= TASK DESCRIPTION =
Each line in the records below, from the one that contains "import ezdxf" to the one that contains "doc.units = ezdxf.units.M", should be reproduced exactly, the first and last included.

= DATA RECORDS =
• • • •

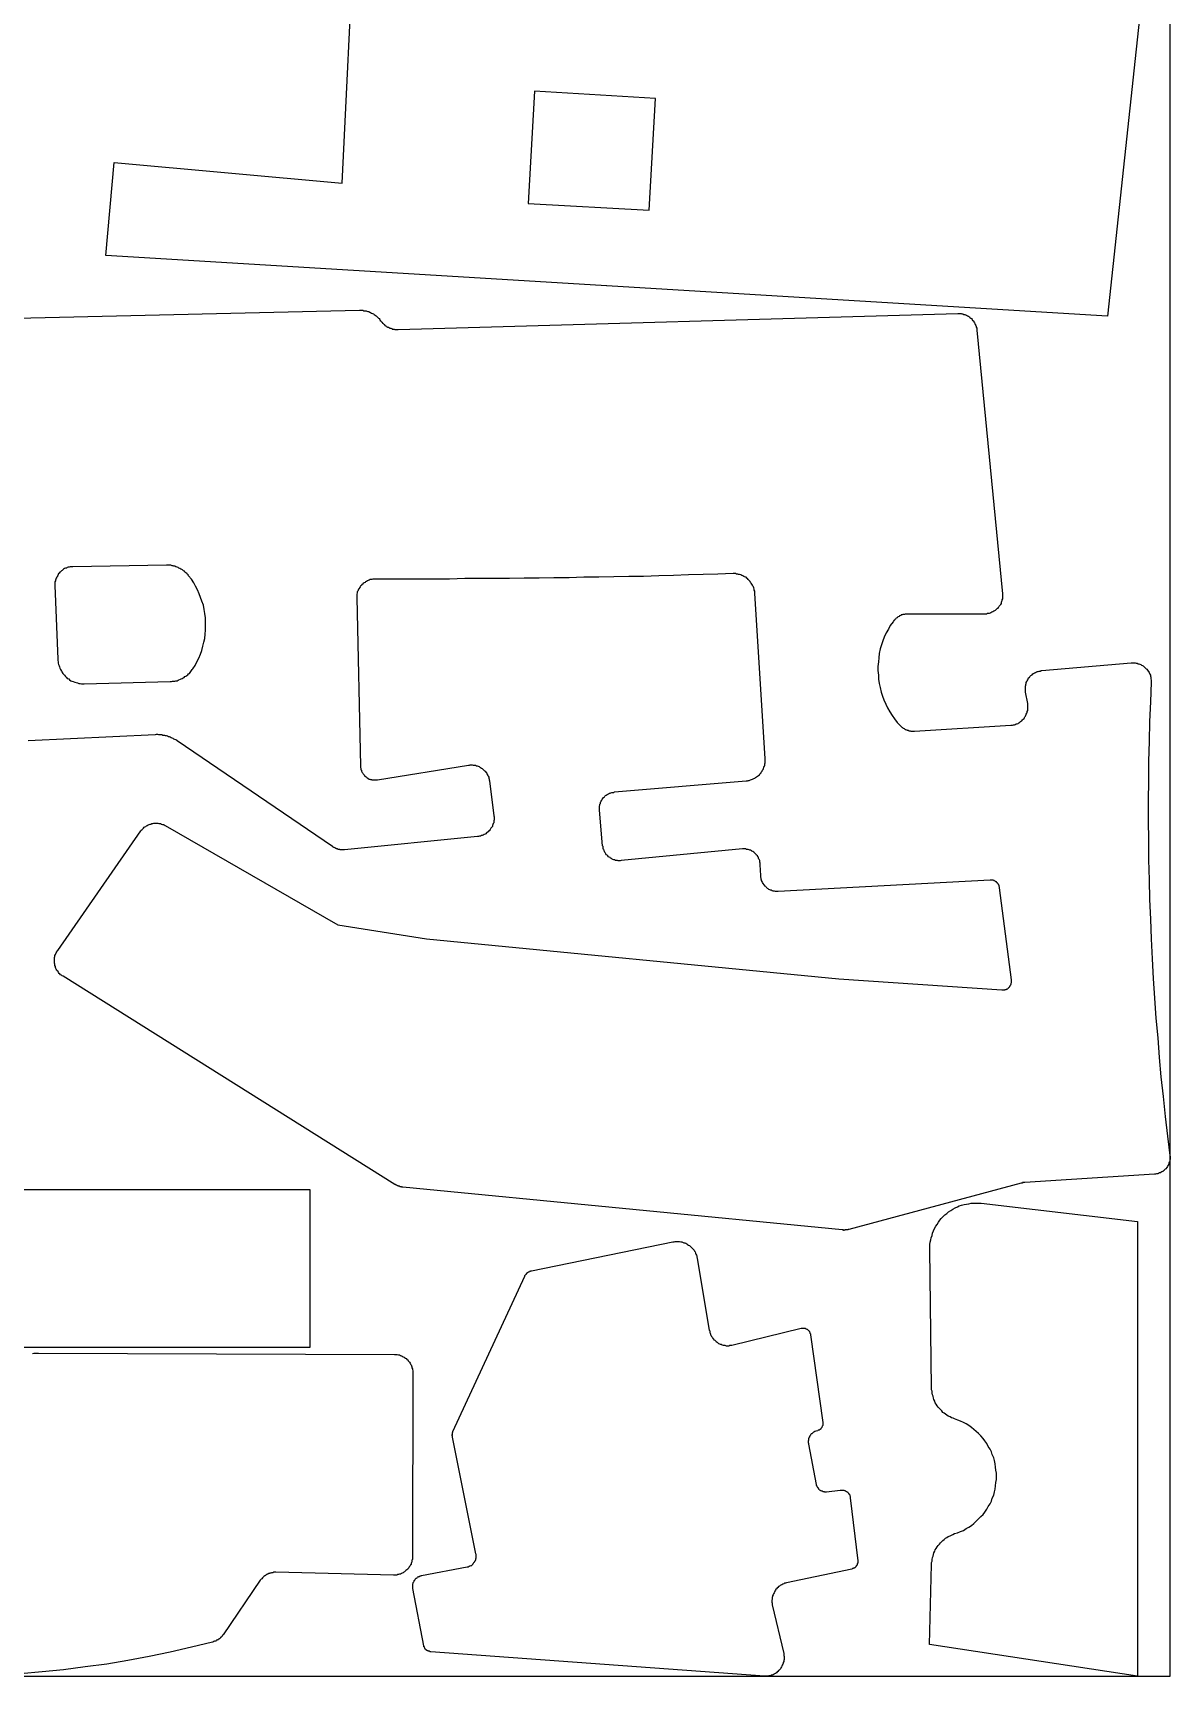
# Model space of a CAD drawing. Header units: metres. Extents: x 0 to 1200, y 0 to 1788.
# Drawn here: x 581 to 1200, y 0 to 894 of the extents above; entities that cross this region are included whole.
import ezdxf

# ---------------------------------------------------------------- set-up
doc = ezdxf.new("R2010")
doc.units = ezdxf.units.M
for name, color, linetype in [('HOLES', 5, 'Continuous'), ('MATERIAL', 8, 'Continuous'), ('PART_51-12330', 3, 'Continuous'), ('PART_51-12719', 3, 'Continuous'), ('PART_51-12720', 3, 'Continuous'), ('PART_51-12724', 3, 'Continuous'), ('PART_51-13896', 3, 'Continuous'), ('PART_51-13898', 3, 'Continuous')]:
    doc.layers.add(name, color=color, linetype=linetype)

msp = doc.modelspace()

# ---------------------------------------------------------------- linework, layer by layer
at = {"layer": 'HOLES'}
for points in [[(916.5, 797.38), (920, 858.12), (854.25, 862.12), (850.75, 801.12), (916.5, 797.38)], [(654, 604.25), (603, 603.5), (602.5, 603.5), (602, 603.5), (601.5, 603.5), (601, 603.25), (600.5, 603.25), (600, 603), (599.5, 602.75), (599, 602.75), (598.5, 602.5), (598, 602.25), (597.5, 601.75), (597.25, 601.5), (596.75, 601.25), (596.25, 600.75), (596, 600.5), (595.5, 600), (595.25, 599.75), (595, 599.25), (594.75, 598.75), (594.5, 598.25), (594.25, 597.75), (594, 597.25), (593.75, 596.75), (593.5, 596.25), (593.5, 595.75), (593.25, 595.25), (593.25, 594.75), (593.25, 594.25), (593.25, 593.75), (593.25, 593.25), (594.75, 553.25), (594.75, 552.5), (595, 551.75), (595, 551), (595.25, 550.25), (595.5, 549.5), (595.75, 549), (596, 548.25), (596.25, 547.5), (596.75, 546.75), (597, 546.25), (597.5, 545.5), (598, 545), (598.5, 544.5), (599, 543.75), (599.5, 543.25), (600, 542.75), (600.75, 542.5), (601.25, 542), (602, 541.5), (602.5, 541.25), (603.25, 541), (604, 540.75), (604.75, 540.5), (605.5, 540.25), (606.25, 540), (607, 540), (607.75, 539.75), (608.5, 539.75), (609.25, 539.75), (656, 541), (656.75, 541), (657.25, 541.25), (658, 541.25), (658.5, 541.25), (659, 541.5), (659.75, 541.5), (660.25, 541.75), (660.75, 542), (661.5, 542.25), (662, 542.5), (662.5, 542.75), (663, 543), (663.5, 543.25), (664, 543.75), (664.5, 544), (665, 544.25), (665.5, 544.75), (666, 545.25), (666.5, 545.5), (666.75, 546), (667.25, 546.5), (667.5, 547), (668, 547.5), (668.25, 548), (669.5, 549.75), (670.5, 551.75), (671.5, 553.75), (672.5, 556), (673.25, 558), (673.75, 560.25), (674.25, 562.5), (674.75, 564.5), (675, 566.75), (675.25, 569), (675.25, 571.25), (675.25, 573.5), (675.25, 575.75), (674.75, 578), (674.5, 580.25), (674, 582.5), (673.25, 584.75), (672.5, 586.75), (671.75, 588.75), (670.75, 591), (669.75, 593), (668.75, 594.75), (667.5, 596.75), (666, 598.5), (665.75, 599), (665.25, 599.5), (665, 599.75), (664.5, 600.25), (664, 600.5), (663.75, 601), (663.25, 601.25), (662.75, 601.75), (662.25, 602), (661.75, 602.25), (661.25, 602.5), (660.75, 602.75), (660.25, 603), (659.75, 603.25), (659, 603.5), (658.5, 603.75), (658, 603.75), (657.5, 604), (657, 604), (656.25, 604.25), (655.75, 604.25), (655.25, 604.25), (654.5, 604.25), (654, 604.25)]]:
    msp.add_lwpolyline(points, close=True, dxfattribs=at)
at = {"layer": 'MATERIAL'}
msp.add_lwpolyline([(0, 0), (1200, 0), (1200, 1787.8), (0, 1787.8)], close=True, dxfattribs=at)
at = {"layer": 'PART_51-12330'}
msp.add_lwpolyline([(822.25, 66.5), (809.5, 130), (809.5, 130.25), (809.5, 130.5), (809.5, 130.75), (809.25, 131), (809.25, 131.25), (809.5, 131.25), (809.5, 131.5), (809.5, 131.75), (809.5, 132), (809.5, 132.25), (809.5, 132.5), (809.75, 132.5), (809.75, 132.75), (809.75, 133), (849, 217.5), (849, 217.75), (849, 218), (849.25, 218.25), (849.5, 218.5), (849.75, 218.75), (849.75, 219), (850, 219), (850, 219.25), (850.25, 219.25), (850.25, 219.5), (850.5, 219.5), (850.75, 219.75), (851, 220), (851.25, 220), (851.5, 220.25), (851.75, 220.25), (852, 220.25), (852.25, 220.5), (852.5, 220.5), (929.5, 236.25), (930.25, 236.25), (930.75, 236.5), (931.25, 236.5), (932, 236.5), (932.5, 236.5), (933, 236.5), (933.75, 236.25), (934.25, 236.25), (934.75, 236), (935.5, 235.75), (936, 235.75), (936.5, 235.5), (937, 235.25), (937.5, 234.75), (938, 234.5), (938.5, 234.25), (939, 233.75), (939.25, 233.5), (939.75, 233), (940.25, 232.5), (940.5, 232.25), (941, 231.75), (941.25, 231.25), (941.5, 230.75), (941.75, 230), (942, 229.5), (942.25, 229), (942.5, 228.5), (942.5, 228), (942.75, 227.25), (949.25, 188.25), (949.5, 187.75), (949.5, 187), (949.75, 186.5), (950, 186), (950, 185.75), (950.25, 185.25), (950.5, 184.75), (951, 184.25), (951.25, 183.75), (951.5, 183.5), (951.75, 183), (952.25, 182.75), (952.75, 182.25), (953, 182), (953.5, 181.75), (954, 181.25), (954.25, 181), (954.75, 180.75), (955.25, 180.5), (955.75, 180.5), (956.25, 180.25), (956.75, 180), (957.25, 180), (957.75, 180), (958.5, 179.75), (959, 179.75), (959.5, 179.75), (960, 179.75), (960.5, 180), (961, 180), (961.5, 180), (999.25, 189.25), (999.5, 189.25), (999.75, 189.25), (1000, 189.25), (1000.25, 189.25), (1000.5, 189.25), (1000.75, 189.25), (1001, 189.25), (1001.25, 189.25), (1001.5, 189.25), (1001.75, 189), (1002, 189), (1002.25, 188.75), (1002.5, 188.75), (1002.75, 188.5), (1003, 188.25), (1003.25, 188.25), (1003.25, 188), (1003.5, 187.75), (1003.75, 187.5), (1003.75, 187.25), (1004, 187), (1004, 186.75), (1004, 186.5), (1004.25, 186.25), (1004.25, 186), (1004.25, 185.75), (1011, 138), (1011, 137.75), (1011, 137.5), (1011, 137.25), (1011, 137), (1011, 136.75), (1011, 136.5), (1011, 136.25), (1010.75, 136), (1010.75, 135.75), (1010.5, 135.5), (1010.5, 135.25), (1010.25, 135), (1010, 134.75), (1010, 134.5), (1009.75, 134.5), (1009.75, 134.25), (1009.5, 134.25), (1009.25, 134), (1009, 133.75), (1008.75, 133.75), (1008.5, 133.75), (1008.25, 133.5), (1007.25, 133.25), (1006.75, 133), (1006.5, 133), (1006.25, 132.75), (1006, 132.75), (1005.75, 132.5), (1005.5, 132.25), (1005.25, 132), (1005, 131.75), (1004.75, 131.75), (1004.5, 131.5), (1004.25, 131.25), (1004.25, 131), (1004, 130.75), (1003.75, 130.25), (1003.75, 130), (1003.5, 129.75), (1003.5, 129.5), (1003.25, 129.25), (1003.25, 129), (1003.25, 128.5), (1003.25, 128.25), (1003, 128), (1003, 127.5), (1003, 127.25), (1003, 127), (1003.25, 126.75), (1003.25, 126.25), (1007.5, 104.25), (1007.5, 104), (1007.5, 103.75), (1007.75, 103.5), (1007.75, 103.25), (1008, 103), (1008, 102.75), (1008.25, 102.75), (1008.25, 102.5), (1008.5, 102.25), (1008.75, 102), (1008.75, 101.75), (1009, 101.5), (1009.25, 101.5), (1009.5, 101.25), (1009.75, 101), (1010, 101), (1010.25, 100.75), (1010.5, 100.75), (1010.75, 100.75), (1011, 100.5), (1011.25, 100.5), (1011.5, 100.5), (1011.75, 100.5), (1012, 100.25), (1012.25, 100.25), (1012.5, 100.25), (1012.75, 100.25), (1013, 100.25), (1020.5, 101.25), (1020.75, 101.25), (1021, 101.25), (1021.25, 101.25), (1021.5, 101.25), (1021.75, 101.25), (1022, 101.25), (1022.25, 101.25), (1022.5, 101.25), (1022.75, 101), (1023, 101), (1023.25, 100.75), (1023.5, 100.75), (1023.75, 100.5), (1024, 100.5), (1024.25, 100.25), (1024.5, 100.25), (1024.5, 100), (1024.75, 99.75), (1025, 99.5), (1025, 99.25), (1025.25, 99.25), (1025.5, 99), (1025.5, 98.75), (1025.75, 98.5), (1025.75, 98.25), (1025.75, 98), (1026, 97.75), (1026, 97.5), (1026, 97.25), (1026, 97), (1030, 62.75), (1030, 62.5), (1030, 62.25), (1030, 62), (1030, 61.75), (1030, 61.5), (1029.75, 61.25), (1029.75, 61), (1029.75, 60.75), (1029.75, 60.5), (1029.5, 60.5), (1029.5, 60.25), (1029.25, 60), (1029.25, 59.75), (1029, 59.75), (1029, 59.5), (1028.75, 59.25), (1028.5, 59), (1028.25, 59), (1028.25, 58.75), (1028, 58.75), (1027.75, 58.75), (1027.5, 58.5), (1027.25, 58.5), (1027, 58.25), (1026.75, 58.25), (991.25, 50.75), (990.75, 50.5), (990.25, 50.5), (989.75, 50.25), (989.25, 50), (988.75, 49.75), (988.25, 49.5), (987.75, 49.25), (987.5, 49), (987, 48.75), (986.5, 48.25), (986.25, 48), (985.75, 47.5), (985.5, 47.25), (985.25, 46.75), (985, 46.25), (984.75, 45.75), (984.5, 45.25), (984.25, 44.75), (984, 44.25), (983.75, 43.75), (983.75, 43.25), (983.5, 42.75), (983.5, 42.25), (983.5, 41.75), (983.25, 41.25), (983.25, 40.75), (983.25, 40.25), (983.5, 39.75), (983.5, 39.25), (983.5, 38.75), (989.75, 12.25), (989.75, 11.75), (989.75, 11.25), (990, 10.75), (990, 10), (990, 9.5), (990, 9), (989.75, 8.5), (989.75, 8), (989.5, 7.5), (989.5, 7), (989.25, 6.5), (989, 6), (988.75, 5.5), (988.5, 5), (988.25, 4.5), (988, 4), (987.75, 3.75), (987.25, 3.25), (987, 3), (986.5, 2.5), (986.25, 2.25), (985.75, 1.75), (985.25, 1.5), (984.75, 1.25), (984.5, 1), (984, 0.75), (983.5, 0.5), (983, 0.5), (982.5, 0.25), (981.75, 0.25), (981.25, 0), (980.75, 0), (980.25, 0), (979.75, 0), (979.25, 0), (797.75, 13.25), (797.5, 13.25), (797.25, 13.25), (797, 13.5), (796.75, 13.5), (796.5, 13.5), (796.25, 13.75), (796, 13.75), (795.75, 14), (795.5, 14), (795.5, 14.25), (795.25, 14.25), (795, 14.5), (794.75, 14.75), (794.75, 15), (794.5, 15), (794.5, 15.25), (794.25, 15.5), (794.25, 15.75), (794.25, 16), (794, 16), (794, 16.25), (794, 16.5), (788, 47.75), (788, 48), (788, 48.25), (788, 48.5), (788, 49), (788, 49.25), (788, 49.5), (788, 49.75), (788, 50.25), (788.25, 50.5), (788.25, 50.75), (788.25, 51), (788.5, 51.25), (788.75, 51.75), (788.75, 52), (789, 52.25), (789.25, 52.5), (789.25, 52.75), (789.5, 53), (789.75, 53.25), (790, 53.25), (790.25, 53.5), (790.5, 53.75), (790.75, 54), (791, 54), (791.25, 54.25), (791.5, 54.25), (792, 54.5), (792.25, 54.5), (792.5, 54.5), (792.75, 54.75), (817.5, 59.5), (818, 59.5), (818.25, 59.5), (818.5, 59.75), (818.75, 59.75), (819, 60), (819.25, 60), (819.75, 60.25), (820, 60.25), (820.25, 60.5), (820.5, 60.75), (820.75, 61), (820.75, 61.25), (821, 61.5), (821.25, 61.75), (821.5, 62), (821.5, 62.25), (821.75, 62.5), (822, 62.75), (822, 63), (822.25, 63.25), (822.25, 63.75), (822.25, 64), (822.5, 64.25), (822.5, 64.5), (822.5, 65), (822.5, 65.25), (822.5, 65.5), (822.5, 65.75), (822.5, 66.25), (822.25, 66.5)], close=True, dxfattribs=at)
at = {"layer": 'PART_51-12719'}
msp.add_lwpolyline([(1182.25, 247.25), (1182.25, 0), (1069, 17.25), (1070.25, 60.75), (1070.25, 61.75), (1070.5, 62.5), (1070.5, 63.5), (1070.75, 64.5), (1071, 65.25), (1071.25, 66.25), (1071.5, 67), (1072, 68), (1072.25, 68.75), (1072.75, 69.5), (1073.25, 70.25), (1073.75, 71), (1074.5, 71.75), (1075, 72.5), (1075.75, 73.25), (1076.25, 73.75), (1077, 74.25), (1077.75, 75), (1078.5, 75.5), (1079.25, 76), (1080.25, 76.25), (1081, 76.75), (1081.75, 77), (1082.75, 77.5), (1084.25, 78), (1086, 78.75), (1087.5, 79.25), (1089, 80.25), (1090.5, 81), (1092, 82), (1093.25, 83), (1094.5, 84.25), (1095.75, 85.5), (1097, 86.75), (1098.25, 88), (1099.25, 89.25), (1100.25, 90.75), (1101, 92.25), (1102, 93.75), (1102.75, 95.25), (1103.25, 96.75), (1104, 98.5), (1104.5, 100.25), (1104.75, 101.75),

• • • •

= OUTPUT OF THE TASK =
import ezdxf

# ---------------------------------------------------------------- set-up
doc = ezdxf.new("R2010")
doc.units = ezdxf.units.M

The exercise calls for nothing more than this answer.